EXERCISE: When the word "alike" shows up in a line of the data below, copy that whole line.

Items from a data source:
---------------

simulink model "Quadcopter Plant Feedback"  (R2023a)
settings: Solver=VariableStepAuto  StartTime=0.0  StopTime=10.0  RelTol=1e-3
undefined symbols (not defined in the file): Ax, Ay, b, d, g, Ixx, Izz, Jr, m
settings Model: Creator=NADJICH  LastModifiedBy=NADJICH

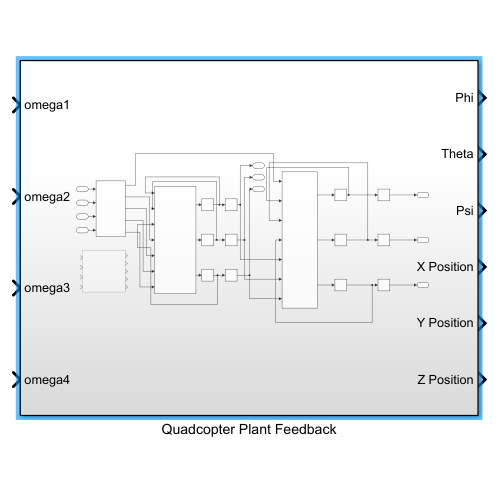
[thumbnail: Simulink's stored preview of the top-level diagram]
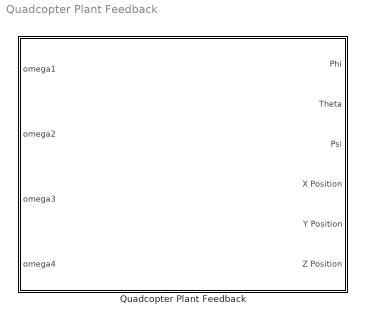
== system Quadcopter Plant Feedback ==
  Quadcopter Plant Feedback : Subsystem

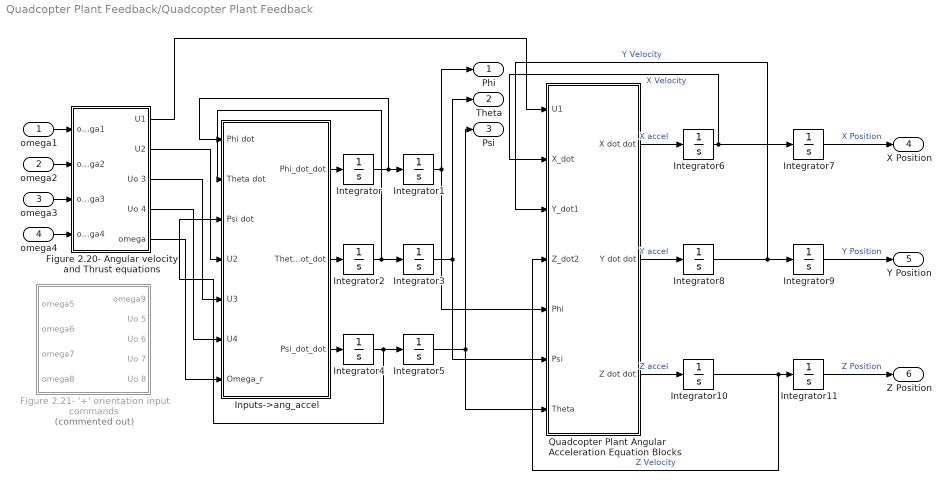
== system Quadcopter Plant Feedback/Quadcopter Plant Feedback ==
  omega1 : Inport
  omega2 : Inport  Port=2
  omega3 : Inport  Port=3
  omega4 : Inport  Port=4
  Figure 2.20- Angular velocity and Thrust equations : Subsystem
  Figure 2.21- '+' orientation input commands : Subsystem  Commented=on
  Inputs->ang_accel : Subsystem
  Integrator{,1..11} (12 alike) : Integrator
  Quadcopter Plant Angular Acceleration Equation Blocks : Subsystem
  Phi : Outport
  Theta : Outport  Port=2
  Psi : Outport  Port=3
  X Position : Outport  Port=4
  Y Position : Outport  Port=5
  Z Position : Outport  Port=6
  wires:
  omega1/1 -> Figure 2.20- Angular velocity and Thrust equations/1(omega1)
  omega2/1 -> Figure 2.20- Angular velocity and Thrust equations/2(omega2)
  omega3/1 -> Figure 2.20- Angular velocity and Thrust equations/3(omega3)
  omega4/1 -> Figure 2.20- Angular velocity and Thrust equations/4(omega4)
  Figure 2.20- Angular velocity and Thrust equations/5(omega) -> Inputs->ang_accel/7(Omega_r)
  Figure 2.20- Angular velocity and Thrust equations/2(U2) -> Inputs->ang_accel/4(U2)
  Figure 2.20- Angular velocity and Thrust equations/3(Uo 3) -> Inputs->ang_accel/5(U3)
  Figure 2.20- Angular velocity and Thrust equations/4(Uo 4) -> Inputs->ang_accel/6(U4)
  Inputs->ang_accel/1(Phi_dot_dot) -> Integrator/1
  Integrator/1 -> Integrator1/1, Inputs->ang_accel/1(Phi dot)
  Integrator2/1 -> Integrator3/1, Inputs->ang_accel/2(Theta dot)
  Integrator4/1 -> Integrator5/1, Inputs->ang_accel/3(Psi dot)
  Inputs->ang_accel/2(Theta_dot_dot) -> Integrator2/1
  Inputs->ang_accel/3(Psi_dot_dot) -> Integrator4/1
  Integrator1/1 -> Phi/1, Quadcopter Plant Angular Acceleration Equation Blocks/5(Phi)
  Integrator3/1 -> Theta/1, Quadcopter Plant Angular Acceleration Equation Blocks/6(Psi)
  Integrator5/1 -> Psi/1, Quadcopter Plant Angular Acceleration Equation Blocks/7(Theta)
  Figure 2.20- Angular velocity and Thrust equations/1(U1) -> Quadcopter Plant Angular Acceleration Equation Blocks/1(U1)
  Quadcopter Plant Angular Acceleration Equation Blocks/1(X dot dot) -> Integrator6/1  "X accel"
  Quadcopter Plant Angular Acceleration Equation Blocks/2(Y dot dot) -> Integrator8/1  "Y accel"
  Quadcopter Plant Angular Acceleration Equation Blocks/3(Z dot dot) -> Integrator10/1  "Z accel"
  Integrator6/1 -> Quadcopter Plant Angular Acceleration Equation Blocks/2(X_dot), Integrator7/1  "X Velocity"
  Integrator7/1 -> X Position/1  "X Position"
  Integrator8/1 -> Quadcopter Plant Angular Acceleration Equation Blocks/3(Y_dot1), Integrator9/1  "Y Velocity"
  Integrator9/1 -> Y Position/1  "Y Position"
  Integrator10/1 -> Integrator11/1, Quadcopter Plant Angular Acceleration Equation Blocks/4(Z_dot2)  "Z Velocity"
  Integrator11/1 -> Z Position/1  "Z Position"

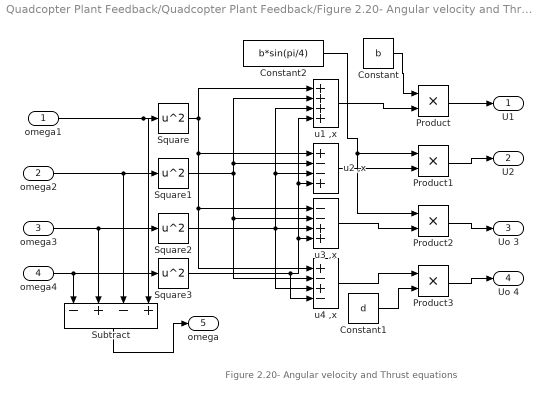
== system Quadcopter Plant Feedback/Quadcopter Plant Feedback/Figure 2.20- Angular velocity and Thrust equations ==
  note: Figure 2.20- Angular velocity and Thrust equations
  omega1 : Inport
  omega2 : Inport  Port=2
  omega3 : Inport  Port=3
  omega4 : Inport  Port=4
  Constant : Constant  Value=b
  Constant1 : Constant  Value=d
  Constant2 : Constant  Value=b*sin(pi/4)
  Product{,1..3} (4 alike) : Product
  Square{,1..3} (4 alike) : Math  Operator=square
  Subtract : Sum  Inputs=-+-+
  u1 ,x : Sum  Inputs=++++
  u2 ,x : Sum  Inputs=+--+
  u3 ,x : Sum  Inputs=--++
  u4 ,x : Sum  Inputs=+-+-
  U1 : Outport
  U2 : Outport  Port=2
  Uo 3 : Outport  Port=3
  Uo 4 : Outport  Port=4
  omega : Outport  Port=5
  wires:
  Constant/1 -> Product/1
  Product1/1 -> U2/1
  u4 ,x/1 -> Product3/1
  omega4/1 -> Square3/1, Subtract/1
  Square3/1 -> u4 ,x/4, u3 ,x/4, u2 ,x/4, u1 ,x/4
  omega1/1 -> Square/1, Subtract/4
  Product/1 -> U1/1
  Square1/1 -> u2 ,x/2, u1 ,x/2, u4 ,x/2, u3 ,x/2
  u3 ,x/1 -> Product2/2
  omega3/1 -> Subtract/2, Square2/1
  u1 ,x/1 -> Product/2
  Constant1/1 -> Product3/2
  Constant2/1 -> Product1/1, Product2/1
  omega2/1 -> Subtract/3, Square1/1
  Square/1 -> u4 ,x/1, u3 ,x/1, u2 ,x/1, u1 ,x/1
  Square2/1 -> u4 ,x/3, u3 ,x/3, u1 ,x/3, u2 ,x/3
  Product2/1 -> Uo 3/1
  Subtract/1 -> omega/1
  Product3/1 -> Uo 4/1
  u2 ,x/1 -> Product1/2

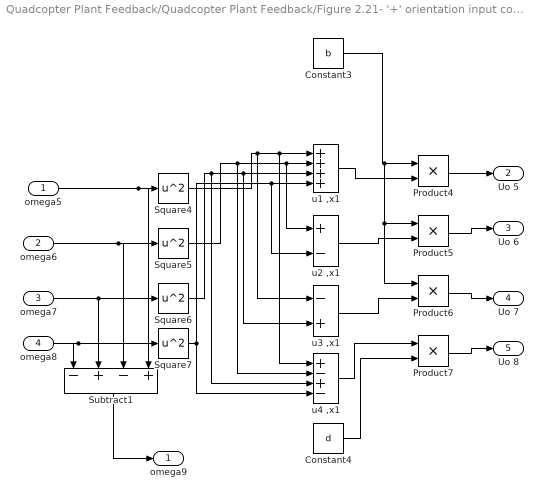
== system Quadcopter Plant Feedback/Quadcopter Plant Feedback/Figure 2.21- '+' orientation input commands ==
  omega5 : Inport
  omega6 : Inport  Port=2
  omega7 : Inport  Port=3
  omega8 : Inport  Port=4
  Constant3 : Constant  Value=b
  Constant4 : Constant  Value=d
  Product{4..7} (4 alike) : Product
  Square{4..7} (4 alike) : Math  Operator=square
  Subtract1 : Sum  Inputs=-+-+
  u1 ,x1 : Sum  Inputs=++++
  u2 ,x1 : Sum  Inputs=+-
  u3 ,x1 : Sum  Inputs=-+
  u4 ,x1 : Sum  Inputs=+-+-
  omega9 : Outport
  Uo 5 : Outport  Port=2
  Uo 6 : Outport  Port=3
  Uo 7 : Outport  Port=4
  Uo 8 : Outport  Port=5
  wires:
  Square5/1 -> u4 ,x1/2, u2 ,x1/1, u1 ,x1/2
  Constant3/1 -> Product6/1, Product5/1, Product4/1
  Square4/1 -> u3 ,x1/1, u4 ,x1/1, u1 ,x1/1
  Product7/1 -> Uo 8/1
  Constant4/1 -> Product7/2
  omega6/1 -> Square5/1, Subtract1/3
  Product5/1 -> Uo 6/1
  Square7/1 -> u2 ,x1/2, u1 ,x1/4, u4 ,x1/4
  Product4/1 -> Uo 5/1
  u1 ,x1/1 -> Product4/2
  Square6/1 -> u4 ,x1/3, u3 ,x1/2, u1 ,x1/3
  omega8/1 -> Square7/1, Subtract1/1
  u2 ,x1/1 -> Product5/2
  Subtract1/1 -> omega9/1
  omega7/1 -> Square6/1, Subtract1/2
  omega5/1 -> Subtract1/4, Square4/1
  u3 ,x1/1 -> Product6/2
  Product6/1 -> Uo 7/1
  u4 ,x1/1 -> Product7/1

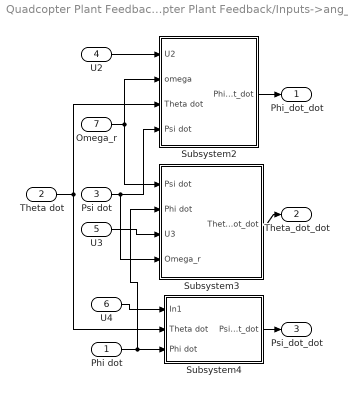
== system Quadcopter Plant Feedback/Quadcopter Plant Feedback/Inputs->ang_accel ==
  Phi dot : Inport
  Theta dot : Inport  Port=2
  Psi dot : Inport  Port=3
  U2 : Inport  Port=4
  U3 : Inport  Port=5
  U4 : Inport  Port=6
  Omega_r : Inport  Port=7
  Subsystem2 : Subsystem
  Subsystem3 : Subsystem
  Subsystem4 : Subsystem
  Phi_dot_dot : Outport
  Theta_dot_dot : Outport  Port=2
  Psi_dot_dot : Outport  Port=3
  wires:
  Subsystem4/1(Psi_dot_dot) -> Psi_dot_dot/1
  Psi dot/1 -> Subsystem3/4(Omega_r), Subsystem2/4(Psi dot)
  Phi dot/1 -> Subsystem3/2(Phi dot), Subsystem4/3(Phi dot)
  Omega_r/1 -> Subsystem3/1(Psi dot), Subsystem2/2(omega)
  Subsystem3/1(Theta_dot_dot) -> Theta_dot_dot/1
  Subsystem2/1(Phi_dot_dot) -> Phi_dot_dot/1
  Theta dot/1 -> Subsystem2/3(Theta dot), Subsystem4/2(Theta dot)
  U4/1 -> Subsystem4/1(In1)
  U2/1 -> Subsystem2/1(U2)
  U3/1 -> Subsystem3/3(U3)

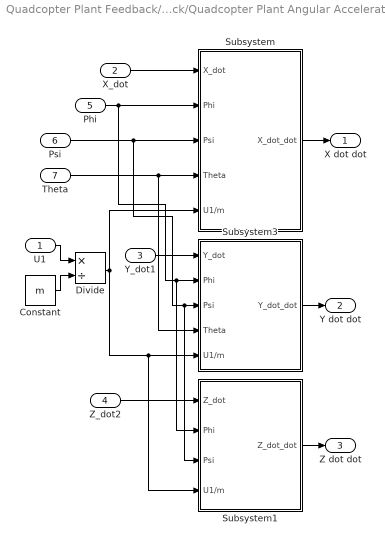
== system Quadcopter Plant Feedback/Quadcopter Plant Feedback/Quadcopter Plant Angular Acceleration Equation Blocks ==
  U1 : Inport
  X_dot : Inport  Port=2
  Y_dot1 : Inport  Port=3
  Z_dot2 : Inport  Port=4
  Phi : Inport  Port=5
  Psi : Inport  Port=6
  Theta : Inport  Port=7
  Constant : Constant  Value=m
  Divide : Product  Inputs=*/
  Subsystem : Subsystem
  Subsystem1 : Subsystem
  Subsystem3 : Subsystem
  X dot dot : Outport
  Y dot dot : Outport  Port=2
  Z dot dot : Outport  Port=3
  wires:
  Subsystem3/1(Y_dot_dot) -> Y dot dot/1
  U1/1 -> Divide/1
  Constant/1 -> Divide/2
  Subsystem/1(X_dot_dot) -> X dot dot/1
  Subsystem1/1(Z_dot_dot) -> Z dot dot/1
  X_dot/1 -> Subsystem/1(X_dot)
  Divide/1 -> Subsystem1/4(U1/m), Subsystem3/5(U1/m), Subsystem/5(U1/m)
  Y_dot1/1 -> Subsystem3/1(Y_dot)
  Phi/1 -> Subsystem1/2(Phi), Subsystem3/2(Phi), Subsystem/2(Phi)
  Theta/1 -> Subsystem3/4(Theta), Subsystem/4(Theta)
  Psi/1 -> Subsystem1/3(Psi), Subsystem3/3(Psi), Subsystem/3(Psi)
  Z_dot2/1 -> Subsystem1/1(Z_dot)

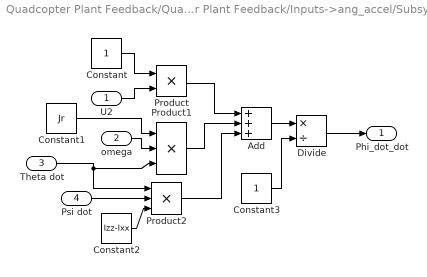
== system Quadcopter Plant Feedback/Quadcopter Plant Feedback/Inputs->ang_accel/Subsystem2 ==
  U2 : Inport
  omega : Inport  Port=2
  Theta dot : Inport  Port=3
  Psi dot : Inport  Port=4
  Add : Sum  Inputs=+++
  Constant : Constant
  Constant1 : Constant  Value=Jr
  Constant2 : Constant  Value=Izz-Ixx
  Constant3 : Constant
  Divide : Product  Inputs=*/
  Product : Product
  Product1 : Product  Inputs=3
  Product2 : Product  Inputs=3
  Phi_dot_dot : Outport
  wires:
  Add/1 -> Divide/1
  Divide/1 -> Phi_dot_dot/1
  Constant2/1 -> Product2/3
  Product2/1 -> Add/3
  U2/1 -> Product/2
  Product/1 -> Add/1
  Constant/1 -> Product/1
  Product1/1 -> Add/2
  Constant1/1 -> Product1/1
  Constant3/1 -> Divide/2
  omega/1 -> Product1/2
  Theta dot/1 -> Product2/1, Product1/3
  Psi dot/1 -> Product2/2

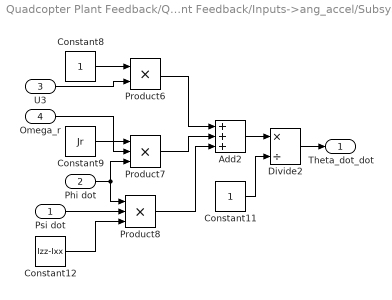
== system Quadcopter Plant Feedback/Quadcopter Plant Feedback/Inputs->ang_accel/Subsystem3 ==
  Psi dot : Inport
  Phi dot : Inport  Port=2
  U3 : Inport  Port=3
  Omega_r : Inport  Port=4
  Add2 : Sum  Inputs=+++
  Constant11 : Constant
  Constant12 : Constant  Value=Izz-Ixx
  Constant8 : Constant
  Constant9 : Constant  Value=Jr
  Divide2 : Product  Inputs=*/
  Product6 : Product
  Product7 : Product  Inputs=3
  Product8 : Product  Inputs=3
  Theta_dot_dot : Outport
  wires:
  Divide2/1 -> Theta_dot_dot/1
  Product7/1 -> Add2/2
  Add2/1 -> Divide2/1
  Constant9/1 -> Product7/1
  Product8/1 -> Add2/3
  Constant12/1 -> Product8/3
  Constant11/1 -> Divide2/2
  Product6/1 -> Add2/1
  Constant8/1 -> Product6/1
  Phi dot/1 -> Product7/3, Product8/1
  Psi dot/1 -> Product8/2
  Omega_r/1 -> Product7/2
  U3/1 -> Product6/2

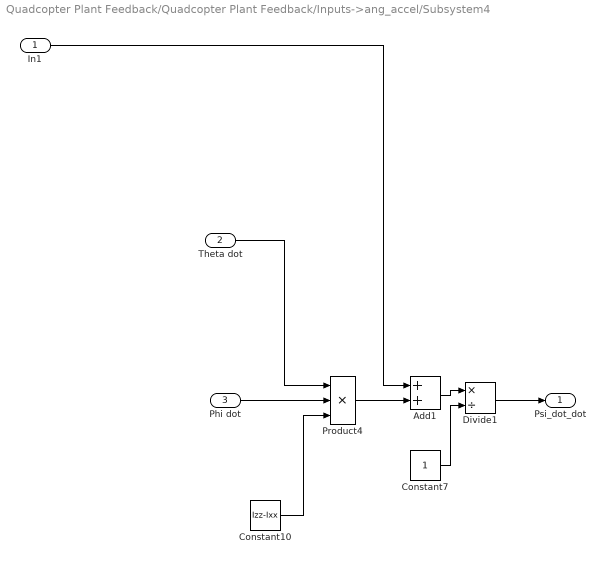
== system Quadcopter Plant Feedback/Quadcopter Plant Feedback/Inputs->ang_accel/Subsystem4 ==
  In1 : Inport
  Theta dot : Inport  Port=2
  Phi dot : Inport  Port=3
  Add1 : Sum
  Constant10 : Constant  Value=Izz-Ixx
  Constant7 : Constant
  Divide1 : Product  Inputs=*/
  Product4 : Product  Inputs=3
  Psi_dot_dot : Outport
  wires:
  Constant10/1 -> Product4/3
  Product4/1 -> Add1/2
  Divide1/1 -> Psi_dot_dot/1
  In1/1 -> Add1/1
  Constant7/1 -> Divide1/2
  Add1/1 -> Divide1/1
  Phi dot/1 -> Product4/2
  Theta dot/1 -> Product4/1

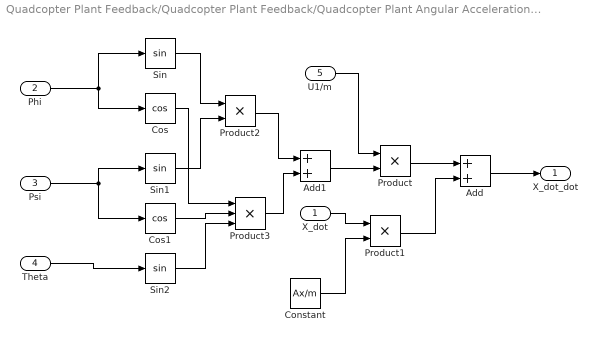
== system Quadcopter Plant Feedback/Quadcopter Plant Feedback/Quadcopter Plant Angular Acceleration Equation Blocks/Subsystem ==
  X_dot : Inport
  Phi : Inport  Port=2
  Psi : Inport  Port=3
  Theta : Inport  Port=4
  U1/m : Inport  Port=5
  Add : Sum
  Add1 : Sum
  Constant : Constant  Value=Ax/m
  Cos : Trigonometry  Operator=cos
  Cos1 : Trigonometry  Operator=cos
  Product : Product
  Product1 : Product
  Product2 : Product
  Product3 : Product  Inputs=3
  Sin : Trigonometry
  Sin1 : Trigonometry
  Sin2 : Trigonometry
  X_dot_dot : Outport
  wires:
  Phi/1 -> Sin/1, Cos/1
  Psi/1 -> Cos1/1, Sin1/1
  Theta/1 -> Sin2/1
  Sin1/1 -> Product2/2
  Sin/1 -> Product2/1
  Cos/1 -> Product3/1
  Cos1/1 -> Product3/2
  Sin2/1 -> Product3/3
  Product3/1 -> Add1/2
  Product2/1 -> Add1/1
  Add1/1 -> Product/2
  U1/m/1 -> Product/1
  X_dot/1 -> Product1/1
  Constant/1 -> Product1/2
  Product1/1 -> Add/2
  Product/1 -> Add/1
  Add/1 -> X_dot_dot/1

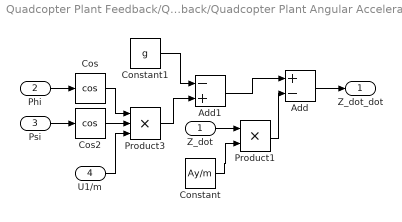
== system Quadcopter Plant Feedback/Quadcopter Plant Feedback/Quadcopter Plant Angular Acceleration Equation Blocks/Subsystem1 ==
  Z_dot : Inport
  Phi : Inport  Port=2
  Psi : Inport  Port=3
  U1/m : Inport  Port=4
  Add : Sum  Inputs=+-
  Add1 : Sum  Inputs=-+
  Constant : Constant  Value=Ay/m
  Constant1 : Constant  Value=g
  Cos : Trigonometry  Operator=cos
  Cos2 : Trigonometry  Operator=cos
  Product1 : Product
  Product3 : Product  Inputs=3
  Z_dot_dot : Outport
  wires:
  Phi/1 -> Cos/1
  Psi/1 -> Cos2/1
  Cos/1 -> Product3/1
  Product3/1 -> Add1/2
  Z_dot/1 -> Product1/1
  Constant/1 -> Product1/2
  Product1/1 -> Add/2
  Add/1 -> Z_dot_dot/1
  Constant1/1 -> Add1/1
  Cos2/1 -> Product3/2
  U1/m/1 -> Product3/3
  Add1/1 -> Add/1

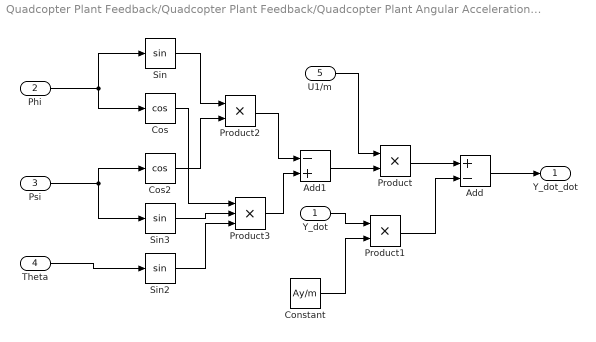
== system Quadcopter Plant Feedback/Quadcopter Plant Feedback/Quadcopter Plant Angular Acceleration Equation Blocks/Subsystem3 ==
  Y_dot : Inport
  Phi : Inport  Port=2
  Psi : Inport  Port=3
  Theta : Inport  Port=4
  U1/m : Inport  Port=5
  Add : Sum  Inputs=+-
  Add1 : Sum  Inputs=-+
  Constant : Constant  Value=Ay/m
  Cos : Trigonometry  Operator=cos
  Cos2 : Trigonometry  Operator=cos
  Product : Product
  Product1 : Product
  Product2 : Product
  Product3 : Product  Inputs=3
  Sin : Trigonometry
  Sin2 : Trigonometry
  Sin3 : Trigonometry
  Y_dot_dot : Outport
  wires:
  Add/1 -> Y_dot_dot/1
  Product/1 -> Add/1
  Product1/1 -> Add/2
  Constant/1 -> Product1/2
  Y_dot/1 -> Product1/1
  U1/m/1 -> Product/1
  Add1/1 -> Product/2
  Product2/1 -> Add1/1
  Product3/1 -> Add1/2
  Sin2/1 -> Product3/3
  Sin3/1 -> Product3/2
  Cos/1 -> Product3/1
  Sin/1 -> Product2/1
  Cos2/1 -> Product2/2
  Theta/1 -> Sin2/1
  Psi/1 -> Cos2/1, Sin3/1
  Phi/1 -> Cos/1, Sin/1

---------------

SOLUTION:
  Integrator{,1..11} (12 alike) : Integrator
  Product{,1..3} (4 alike) : Product
  Square{,1..3} (4 alike) : Math  Operator=square
  Product{4..7} (4 alike) : Product
  Square{4..7} (4 alike) : Math  Operator=square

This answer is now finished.